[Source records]
◇ ◇ ◇

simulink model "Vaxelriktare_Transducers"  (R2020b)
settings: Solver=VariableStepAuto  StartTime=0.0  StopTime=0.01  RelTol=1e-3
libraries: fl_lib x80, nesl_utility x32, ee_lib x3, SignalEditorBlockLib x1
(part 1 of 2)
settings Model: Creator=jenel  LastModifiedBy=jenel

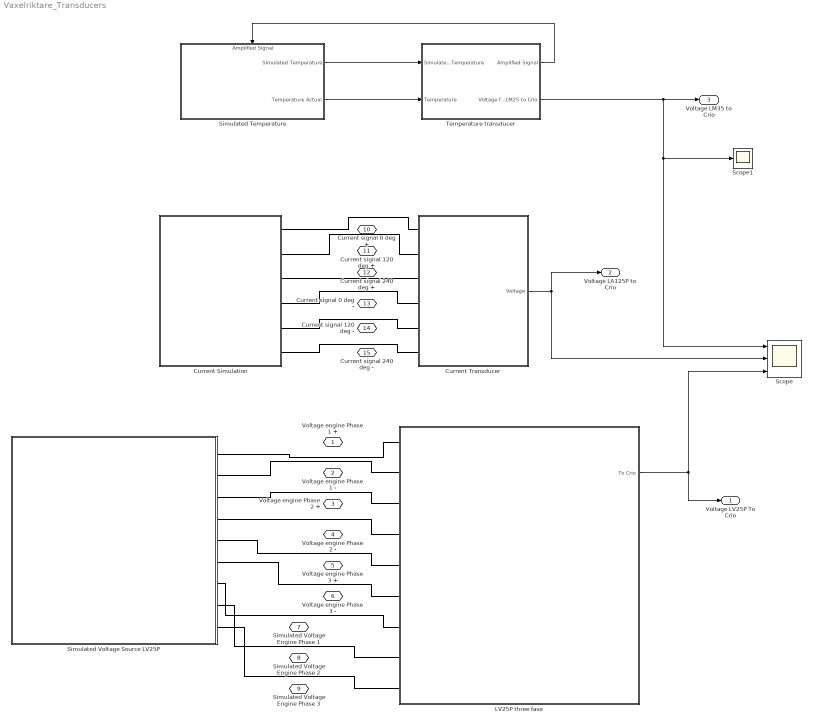
== system Vaxelriktare_Transducers ==
  Current Simulation : Subsystem
  Current Transducer : Subsystem
  LV25P three fase : Subsystem
  Scope : Scope  NumInputPorts=3
  Scope1 : Scope
  Simulated Temperature : Subsystem
      settings: PortSchema="{\"entries\":[{\"content\":{\"sides\":[{\"content\":{\"connectorIds\":[]},\"type\":\"ConnectorPlacement.EquallySpacedRectSide\",\"uuid\":\"52a7c08e-3c3e-468d-9a48-5db7e5268e65\"},{\"content\":{\"connectorIds\":[\"Out1\",\"Out2\"],\"side\":\"RIGHT\"},\"type\":\"ConnectorPlacement.EquallySpacedRectSide\",\"uuid\":\"cc00ce28-dfa9-4e8d-849b-21a8aa2e88a1\"},{\"content\":{\"connectorIds\":[\"In1\"],\"side\":\"TOP\"},\"type\":\"ConnectorPlacement.EquallySpacedRectSide\",\"uuid\":\"9c60ff72-e0ca-4689-b1b7-e246b8e0f47f\"},{\"content\":{\"connectorIds\":[],\"side\":\"HIDDEN\"},\"type\":\"ConnectorPlacement.EquallySpacedRectSide\",\"uuid\":\"4ba62725-7915-4645-8693-141a674fd740\"}]},\"type\":\"ConnectorPlacement.EquallySpacedConnector\",\"uuid\":\"cdec1a03-c0d5-4421-a983-90e94124080d\"}],\"packageUris\":[\"http://schema.mathworks.com/mf0/Connector/R2020b\"],\"version\":\"1.0\"}"
  Simulated Voltage Source LV25P : Subsystem
  Temperature transducer : Subsystem
  Voltage engine Phase 1 + : PMIOPort  Side=Right
  Voltage engine Phase 1 - : PMIOPort  Port=2  Side=Right
  Voltage engine Phase 2 + : PMIOPort  Port=3  Side=Right
  Voltage engine Phase 2 - : PMIOPort  Port=4  Side=Right
  Voltage engine Phase 3 + : PMIOPort  Port=5  Side=Right
  Voltage engine Phase 3 - : PMIOPort  Port=6  Side=Right
  Simulated Voltage Engine Phase 1 : PMIOPort  Port=7  Side=Right
  Simulated Voltage Engine Phase 2 : PMIOPort  Port=8  Side=Right
  Simulated Voltage Engine Phase 3 : PMIOPort  Port=9  Side=Right
  Current signal 0 deg + : PMIOPort  Port=10  Side=Right
  Current signal 120 deg + : PMIOPort  Port=11  Side=Right
  Current signal 240 deg + : PMIOPort  Port=12  Side=Right
  Current signal 0 deg - : PMIOPort  Port=13  Side=Right
  Current signal 120 deg - : PMIOPort  Port=14  Side=Right
  Current signal 240 deg - : PMIOPort  Port=15  Side=Right
  Voltage LV25P To Crio : Outport
  Voltage LA125P to Crio : Outport  Port=2
  Voltage LM35 to Crio : Outport  Port=3
  wires:
  LV25P three fase/1(To Crio) -> Voltage LV25P To Crio/1, Scope/3
  Current Transducer/1(Voltage) -> Scope/2, Voltage LA125P to Crio/1
  Simulated Temperature/1(Simulated Temperature) -> Temperature transducer/1(Simulated Temperature)
  Simulated Temperature/2(Temperature Actual) -> Temperature transducer/2(Temperature)
  Temperature transducer/1(Amplified Signal) -> Simulated Temperature/1(Amplified Signal)
  Temperature transducer/2(Voltage from LM25 to Crio) -> Voltage LM35 to Crio/1, Scope1/1, Scope/1
  connections:
  Simulated Voltage Source LV25P/RConn2 -- LV25P three fase/LConn2
  Simulated Voltage Source LV25P/RConn5 -- LV25P three fase/LConn5
  Simulated Voltage Source LV25P/RConn4 -- LV25P three fase/LConn4
  LV25P three fase/LConn6 -- Simulated Voltage Source LV25P/RConn6
  LV25P three fase/LConn7 -- Simulated Voltage Source LV25P/RConn7
  Simulated Voltage Source LV25P/RConn8 -- LV25P three fase/LConn8
  LV25P three fase/LConn3 -- Simulated Voltage Source LV25P/RConn3
  Simulated Voltage Source LV25P/RConn9 -- LV25P three fase/LConn9
  LV25P three fase/LConn1 -- Simulated Voltage Source LV25P/RConn1
  Current Simulation/LConn3 -- Current Transducer/LConn3
  Current Simulation/LConn2 -- Current Transducer/LConn2
  Current Simulation/LConn1 -- Current Transducer/LConn1
  Current Simulation/LConn6 -- Current Transducer/LConn6
  Current Simulation/LConn5 -- Current Transducer/LConn5
  Current Simulation/LConn4 -- Current Transducer/LConn4

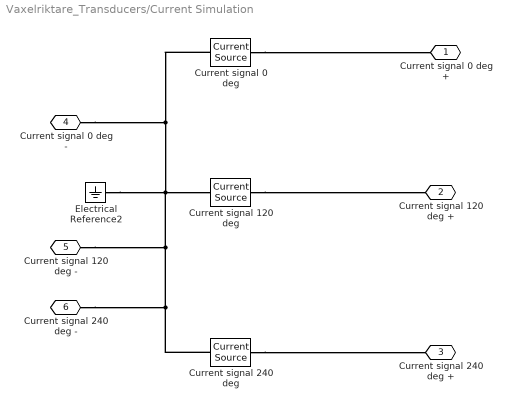
== system Vaxelriktare_Transducers/Current Simulation ==
  Current signal 0 deg : ee_lib/Sources/Current Source  dc_current=0 A  ac_current=200 mA  ac_shift=0 deg  ac_frequency=1000 Hz  noise_mode=0  PSD=0 A^2/Hz  repeatability=1  auto_seed=1274213173  user_seed=0  sample_time=1e-3 s  i_specify=off  i_priority=None  i=0 A  i_nominal_specify=off  i_nominal_unit=A  i_nominal_value=1  v_specify=off  v_priority=None  v=0 V  v_nominal_specify=off  v_nominal_unit=V  v_nominal_value=1
      settings: SourceProductBaseCode=PS
  Current signal 120 deg : ee_lib/Sources/Current Source  dc_current=0 A  ac_current=200 mA  ac_shift=120 deg  ac_frequency=1000 Hz  noise_mode=0  PSD=0 A^2/Hz  repeatability=1  auto_seed=1369142382  user_seed=0  sample_time=1e-3 s  i_specify=off  i_priority=None  i=0 A  i_nominal_specify=off  i_nominal_unit=A  i_nominal_value=1  v_specify=off  v_priority=None  v=0 V  v_nominal_specify=off  v_nominal_unit=V  v_nominal_value=1
      settings: SourceProductBaseCode=PS
  Current signal 240 deg : ee_lib/Sources/Current Source  dc_current=0 A  ac_current=200 mA  ac_shift=240 deg  ac_frequency=1000 Hz  noise_mode=0  PSD=0 A^2/Hz  repeatability=1  auto_seed=1821782361  user_seed=0  sample_time=1e-3 s  i_specify=off  i_priority=None  i=0 A  i_nominal_specify=off  i_nominal_unit=A  i_nominal_value=1  v_specify=off  v_priority=None  v=0 V  v_nominal_specify=off  v_nominal_unit=V  v_nominal_value=1
      settings: SourceProductBaseCode=PS
  Electrical Reference2 : fl_lib/Electrical/Electrical Elements/Electrical Reference
  Current signal 0 deg + : PMIOPort  Side=Left
  Current signal 120 deg + : PMIOPort  Port=2  Side=Left
  Current signal 240 deg + : PMIOPort  Port=3  Side=Left
  Current signal 0 deg - : PMIOPort  Port=4  Side=Left
  Current signal 120 deg - : PMIOPort  Port=5  Side=Left
  Current signal 240 deg - : PMIOPort  Port=6  Side=Left
  connections:
  Electrical Reference2/LConn1 -- Current signal 0 deg/RConn1 -- Current signal 0 deg -/RConn1 -- Current signal 240 deg/RConn1 -- Current signal 240 deg -/RConn1 -- Current signal 120 deg -/RConn1 -- Current signal 120 deg/RConn1
  Current signal 240 deg/LConn1 -- Current signal 240 deg +/RConn1
  Current signal 0 deg/LConn1 -- Current signal 0 deg +/RConn1
  Current signal 120 deg/LConn1 -- Current signal 120 deg +/RConn1

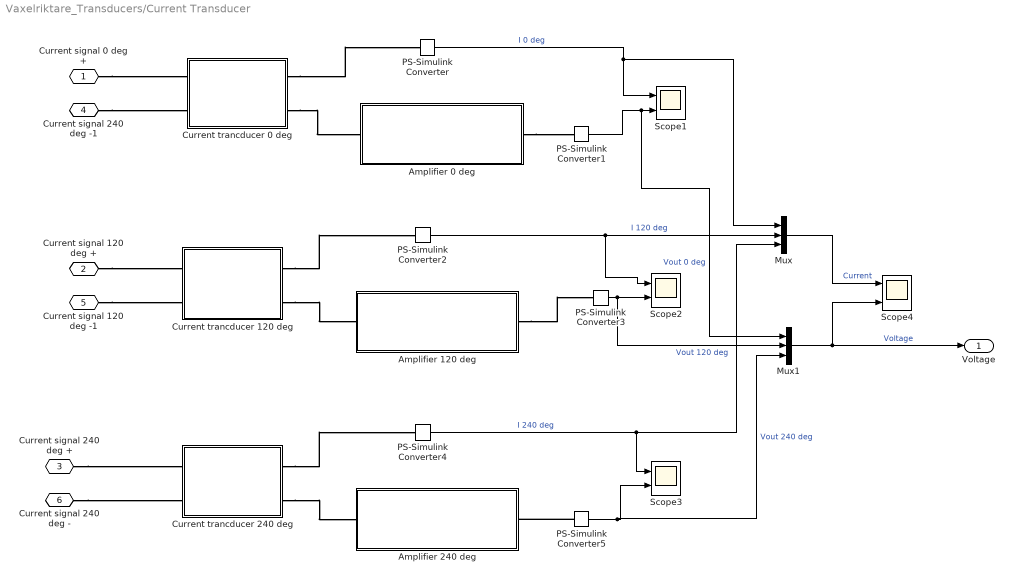
== system Vaxelriktare_Transducers/Current Transducer ==
  Amplifier 0 deg : Subsystem
  Amplifier 120 deg : Subsystem
  Amplifier 240 deg : Subsystem
  Current trancducer 0 deg : Subsystem
  Current trancducer 120 deg : Subsystem
  Current trancducer 240 deg : Subsystem
  Mux : Mux  Inputs=3
  Mux1 : Mux  Inputs=3
  PS-Simulink Converter{,1..5} (6 alike) : nesl_utility/PS-Simulink Converter  PhysicalDomain=network_engine_domain  SubClassName=ps_output  LeftPortType=input  RightPortType=output  PseudoPeriodic=off  Frequencies=[]  Unit=inherit  AffineConversion=off
  Scope{1..4} (4 alike) : Scope  NumInputPorts=2
  Current signal 0 deg + : PMIOPort  Side=Left
  Current signal 120 deg + : PMIOPort  Port=2  Side=Left
  Current signal 240 deg + : PMIOPort  Port=3  Side=Left
  Current signal 240 deg -1 : PMIOPort  Port=4  Side=Left
  Current signal 120 deg -1 : PMIOPort  Port=5  Side=Left
  Current signal 240 deg - : PMIOPort  Port=6  Side=Left
  Voltage : Outport
  wires:
  PS-Simulink Converter1/1 -> Mux1/1, Scope1/2  "Vout 0 deg"
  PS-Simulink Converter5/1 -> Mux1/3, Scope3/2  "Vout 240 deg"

◇ ◇ ◇

● **Task details**:
Return every line of the preceding records in which the word "trancducer" appears.

● **Reply to the task**:
  Current trancducer 0 deg : Subsystem
  Current trancducer 120 deg : Subsystem
  Current trancducer 240 deg : Subsystem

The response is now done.